Es ist schwierig, das genaue Ausmaß der Schäden zu bestimmen, da viele Jahre lang keine Aufzeichnungen gemacht wurden, doch wird geschätzt, dass 75 % der ursprünglichen Wälder von Menschen gefällt oder niedergebrannt wurden. Einige von ihnen sind selbstverständlich nachgewachsen oder wurden wieder aufgeforstet, doch nimmt man an, dass wir derzeit nur halb so viel Wald wie früher auf diesem Planeten haben.

An einigen Stellen, besonders in den trockeneren Gegenden der Welt, war die Entwaldung so heftig und von einer derart intensiven Beweidung gefolgt, dass die Wälder nicht wieder nachwachsen konnten. Die Landschaft wurde dauerhaft verändert.

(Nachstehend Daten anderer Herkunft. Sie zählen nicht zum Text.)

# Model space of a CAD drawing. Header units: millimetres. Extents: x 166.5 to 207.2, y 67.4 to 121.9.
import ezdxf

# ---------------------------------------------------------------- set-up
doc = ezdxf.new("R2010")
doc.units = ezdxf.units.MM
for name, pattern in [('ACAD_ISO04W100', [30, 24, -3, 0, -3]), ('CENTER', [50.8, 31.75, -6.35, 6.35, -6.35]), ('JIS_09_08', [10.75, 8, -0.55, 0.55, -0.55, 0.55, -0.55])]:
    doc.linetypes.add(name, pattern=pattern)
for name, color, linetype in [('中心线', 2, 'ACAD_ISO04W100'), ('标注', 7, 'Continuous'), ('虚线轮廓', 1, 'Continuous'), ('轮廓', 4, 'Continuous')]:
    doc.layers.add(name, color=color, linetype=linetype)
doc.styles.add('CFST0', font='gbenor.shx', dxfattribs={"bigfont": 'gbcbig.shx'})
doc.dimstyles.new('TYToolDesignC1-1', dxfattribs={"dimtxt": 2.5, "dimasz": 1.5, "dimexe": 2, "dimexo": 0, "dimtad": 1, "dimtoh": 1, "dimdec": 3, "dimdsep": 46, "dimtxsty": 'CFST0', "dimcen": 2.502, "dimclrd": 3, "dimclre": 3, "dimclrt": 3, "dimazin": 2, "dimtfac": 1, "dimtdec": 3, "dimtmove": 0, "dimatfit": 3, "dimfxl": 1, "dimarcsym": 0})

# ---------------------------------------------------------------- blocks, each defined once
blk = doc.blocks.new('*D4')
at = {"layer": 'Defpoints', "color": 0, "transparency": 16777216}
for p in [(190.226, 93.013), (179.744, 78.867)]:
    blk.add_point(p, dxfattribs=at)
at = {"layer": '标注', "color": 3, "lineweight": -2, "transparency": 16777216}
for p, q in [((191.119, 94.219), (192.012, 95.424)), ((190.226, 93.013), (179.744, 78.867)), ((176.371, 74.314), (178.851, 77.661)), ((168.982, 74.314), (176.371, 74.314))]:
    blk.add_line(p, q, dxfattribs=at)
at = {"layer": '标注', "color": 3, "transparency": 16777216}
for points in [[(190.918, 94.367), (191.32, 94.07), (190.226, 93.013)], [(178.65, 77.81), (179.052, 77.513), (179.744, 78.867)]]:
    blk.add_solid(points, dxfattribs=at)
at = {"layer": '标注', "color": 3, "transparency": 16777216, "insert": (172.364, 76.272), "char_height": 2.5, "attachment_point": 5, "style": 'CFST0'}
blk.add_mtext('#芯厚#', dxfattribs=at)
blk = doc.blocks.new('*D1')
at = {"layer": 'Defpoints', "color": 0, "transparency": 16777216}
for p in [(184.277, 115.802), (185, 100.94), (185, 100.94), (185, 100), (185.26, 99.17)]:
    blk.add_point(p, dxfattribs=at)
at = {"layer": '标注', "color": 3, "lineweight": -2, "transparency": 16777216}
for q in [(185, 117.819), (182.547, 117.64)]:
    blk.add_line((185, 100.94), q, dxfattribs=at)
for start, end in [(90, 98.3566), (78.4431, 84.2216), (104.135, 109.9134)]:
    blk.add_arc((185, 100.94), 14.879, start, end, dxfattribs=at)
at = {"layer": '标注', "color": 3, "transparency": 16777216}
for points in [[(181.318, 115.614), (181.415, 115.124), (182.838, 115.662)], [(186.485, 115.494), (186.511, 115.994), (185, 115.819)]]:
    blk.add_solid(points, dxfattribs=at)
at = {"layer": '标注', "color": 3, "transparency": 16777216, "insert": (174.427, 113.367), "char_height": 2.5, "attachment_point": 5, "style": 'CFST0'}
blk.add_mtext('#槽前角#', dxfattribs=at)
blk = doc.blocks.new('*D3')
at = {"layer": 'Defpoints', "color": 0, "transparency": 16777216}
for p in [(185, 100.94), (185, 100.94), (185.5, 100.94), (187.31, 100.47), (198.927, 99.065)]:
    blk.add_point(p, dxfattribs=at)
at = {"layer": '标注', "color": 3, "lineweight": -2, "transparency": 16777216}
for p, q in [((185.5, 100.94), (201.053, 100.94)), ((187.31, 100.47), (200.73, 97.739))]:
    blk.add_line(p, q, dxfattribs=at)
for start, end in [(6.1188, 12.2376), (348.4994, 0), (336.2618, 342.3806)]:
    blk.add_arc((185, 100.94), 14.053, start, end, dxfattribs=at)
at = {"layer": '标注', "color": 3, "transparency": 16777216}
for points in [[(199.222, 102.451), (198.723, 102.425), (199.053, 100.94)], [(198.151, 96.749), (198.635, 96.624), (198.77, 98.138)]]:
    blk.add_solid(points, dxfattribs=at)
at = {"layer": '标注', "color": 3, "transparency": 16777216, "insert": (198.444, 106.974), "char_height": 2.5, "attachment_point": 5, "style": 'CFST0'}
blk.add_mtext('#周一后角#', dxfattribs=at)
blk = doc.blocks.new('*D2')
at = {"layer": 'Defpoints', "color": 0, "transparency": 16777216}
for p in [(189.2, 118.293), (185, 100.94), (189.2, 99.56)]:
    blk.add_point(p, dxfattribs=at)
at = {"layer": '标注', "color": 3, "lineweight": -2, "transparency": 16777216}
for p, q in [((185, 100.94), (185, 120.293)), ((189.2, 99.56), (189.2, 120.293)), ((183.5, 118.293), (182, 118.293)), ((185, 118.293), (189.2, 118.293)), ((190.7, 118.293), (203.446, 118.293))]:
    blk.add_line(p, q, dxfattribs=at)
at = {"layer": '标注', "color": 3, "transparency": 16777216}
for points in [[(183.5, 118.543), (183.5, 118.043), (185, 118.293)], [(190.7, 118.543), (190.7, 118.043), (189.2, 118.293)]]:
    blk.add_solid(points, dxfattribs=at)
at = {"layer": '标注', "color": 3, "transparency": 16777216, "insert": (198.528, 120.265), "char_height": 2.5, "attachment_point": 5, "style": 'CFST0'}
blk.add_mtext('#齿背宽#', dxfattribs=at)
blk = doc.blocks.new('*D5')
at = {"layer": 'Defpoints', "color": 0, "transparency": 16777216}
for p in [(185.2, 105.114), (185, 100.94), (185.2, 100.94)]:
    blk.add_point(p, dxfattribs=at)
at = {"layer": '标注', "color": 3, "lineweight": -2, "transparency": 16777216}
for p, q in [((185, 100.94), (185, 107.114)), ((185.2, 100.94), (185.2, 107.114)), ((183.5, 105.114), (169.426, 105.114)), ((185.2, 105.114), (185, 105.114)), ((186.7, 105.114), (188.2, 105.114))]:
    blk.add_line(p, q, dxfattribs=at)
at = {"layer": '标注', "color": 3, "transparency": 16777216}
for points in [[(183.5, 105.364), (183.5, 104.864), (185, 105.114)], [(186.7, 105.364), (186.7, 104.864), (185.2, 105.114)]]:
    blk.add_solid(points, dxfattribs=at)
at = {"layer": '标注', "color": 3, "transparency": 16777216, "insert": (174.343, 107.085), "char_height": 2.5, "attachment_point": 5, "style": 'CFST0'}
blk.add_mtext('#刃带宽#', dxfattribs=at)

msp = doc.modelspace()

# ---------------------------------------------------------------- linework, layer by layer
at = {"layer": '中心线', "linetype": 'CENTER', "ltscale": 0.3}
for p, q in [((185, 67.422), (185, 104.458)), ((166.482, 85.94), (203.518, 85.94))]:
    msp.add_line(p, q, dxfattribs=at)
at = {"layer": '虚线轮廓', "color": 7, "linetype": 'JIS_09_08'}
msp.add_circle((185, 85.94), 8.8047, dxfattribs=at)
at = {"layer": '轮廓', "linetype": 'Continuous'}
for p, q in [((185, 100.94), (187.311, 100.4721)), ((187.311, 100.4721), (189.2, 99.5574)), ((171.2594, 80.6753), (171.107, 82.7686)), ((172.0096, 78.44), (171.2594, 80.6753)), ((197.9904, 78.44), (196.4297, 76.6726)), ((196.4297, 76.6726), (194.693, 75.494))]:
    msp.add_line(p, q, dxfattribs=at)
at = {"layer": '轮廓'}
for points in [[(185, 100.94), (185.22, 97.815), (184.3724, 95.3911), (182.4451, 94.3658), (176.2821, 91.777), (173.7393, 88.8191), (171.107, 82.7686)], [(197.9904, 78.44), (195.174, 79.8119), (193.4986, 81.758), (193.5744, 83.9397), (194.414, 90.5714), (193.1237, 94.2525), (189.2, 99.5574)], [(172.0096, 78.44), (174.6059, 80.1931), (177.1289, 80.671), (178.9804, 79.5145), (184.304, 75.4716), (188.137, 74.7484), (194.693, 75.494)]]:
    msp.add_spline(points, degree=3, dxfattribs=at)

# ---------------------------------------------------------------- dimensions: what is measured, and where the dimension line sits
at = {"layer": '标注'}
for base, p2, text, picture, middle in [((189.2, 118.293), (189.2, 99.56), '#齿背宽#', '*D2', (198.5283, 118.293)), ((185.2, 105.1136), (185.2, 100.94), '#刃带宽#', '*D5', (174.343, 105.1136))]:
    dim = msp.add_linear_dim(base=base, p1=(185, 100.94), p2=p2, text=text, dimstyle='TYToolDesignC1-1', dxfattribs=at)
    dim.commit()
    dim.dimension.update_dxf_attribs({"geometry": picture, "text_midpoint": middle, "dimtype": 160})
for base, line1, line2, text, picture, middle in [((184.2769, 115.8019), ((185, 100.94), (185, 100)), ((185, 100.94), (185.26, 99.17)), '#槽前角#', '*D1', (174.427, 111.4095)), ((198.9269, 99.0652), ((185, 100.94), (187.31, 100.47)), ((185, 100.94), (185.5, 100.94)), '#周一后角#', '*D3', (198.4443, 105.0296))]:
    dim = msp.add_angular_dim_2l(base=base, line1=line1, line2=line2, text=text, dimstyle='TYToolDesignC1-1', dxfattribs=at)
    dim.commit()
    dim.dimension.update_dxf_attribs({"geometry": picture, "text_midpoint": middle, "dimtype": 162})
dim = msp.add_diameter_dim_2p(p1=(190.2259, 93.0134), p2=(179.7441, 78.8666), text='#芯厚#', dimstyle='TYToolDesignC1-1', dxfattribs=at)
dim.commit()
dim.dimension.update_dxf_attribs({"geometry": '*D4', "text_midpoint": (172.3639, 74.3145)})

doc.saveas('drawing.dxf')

Wenn Sie sich Griechenland, Italien und den Irak vorstellen, denken Sie wahrscheinlich an eine trockene Landschaft mit offenem Ausblick, so wie diese Länder heute aussehen. Geschichtliche Aufzeichnungen deuten jedoch darauf hin, dass diese Länder einst von dichten Wäldern überzogen waren. Die Wälder verschwanden, als die Zivilisationen florierten, je eher eine Gegend also „zivilisiert“ wurde, desto eher wurde sie entwaldet.

Dieser Vormarsch des so genannten Fortschritts, der zum Verlust der Wälder führte, wurde von John Perlin in seinem Buch A Forest Journey (Eine Waldreise) von 1989 dokumentiert.

Heute sitzen wir also auf einem Planeten, dem nur 50 % seiner Bewaldung geblieben sind. Und jetzt kommt der Teil, der Ihnen die Tränen in die Augen schießen lassen müsste: Wir verlieren weiterhin jedes Jahr mehr Wald.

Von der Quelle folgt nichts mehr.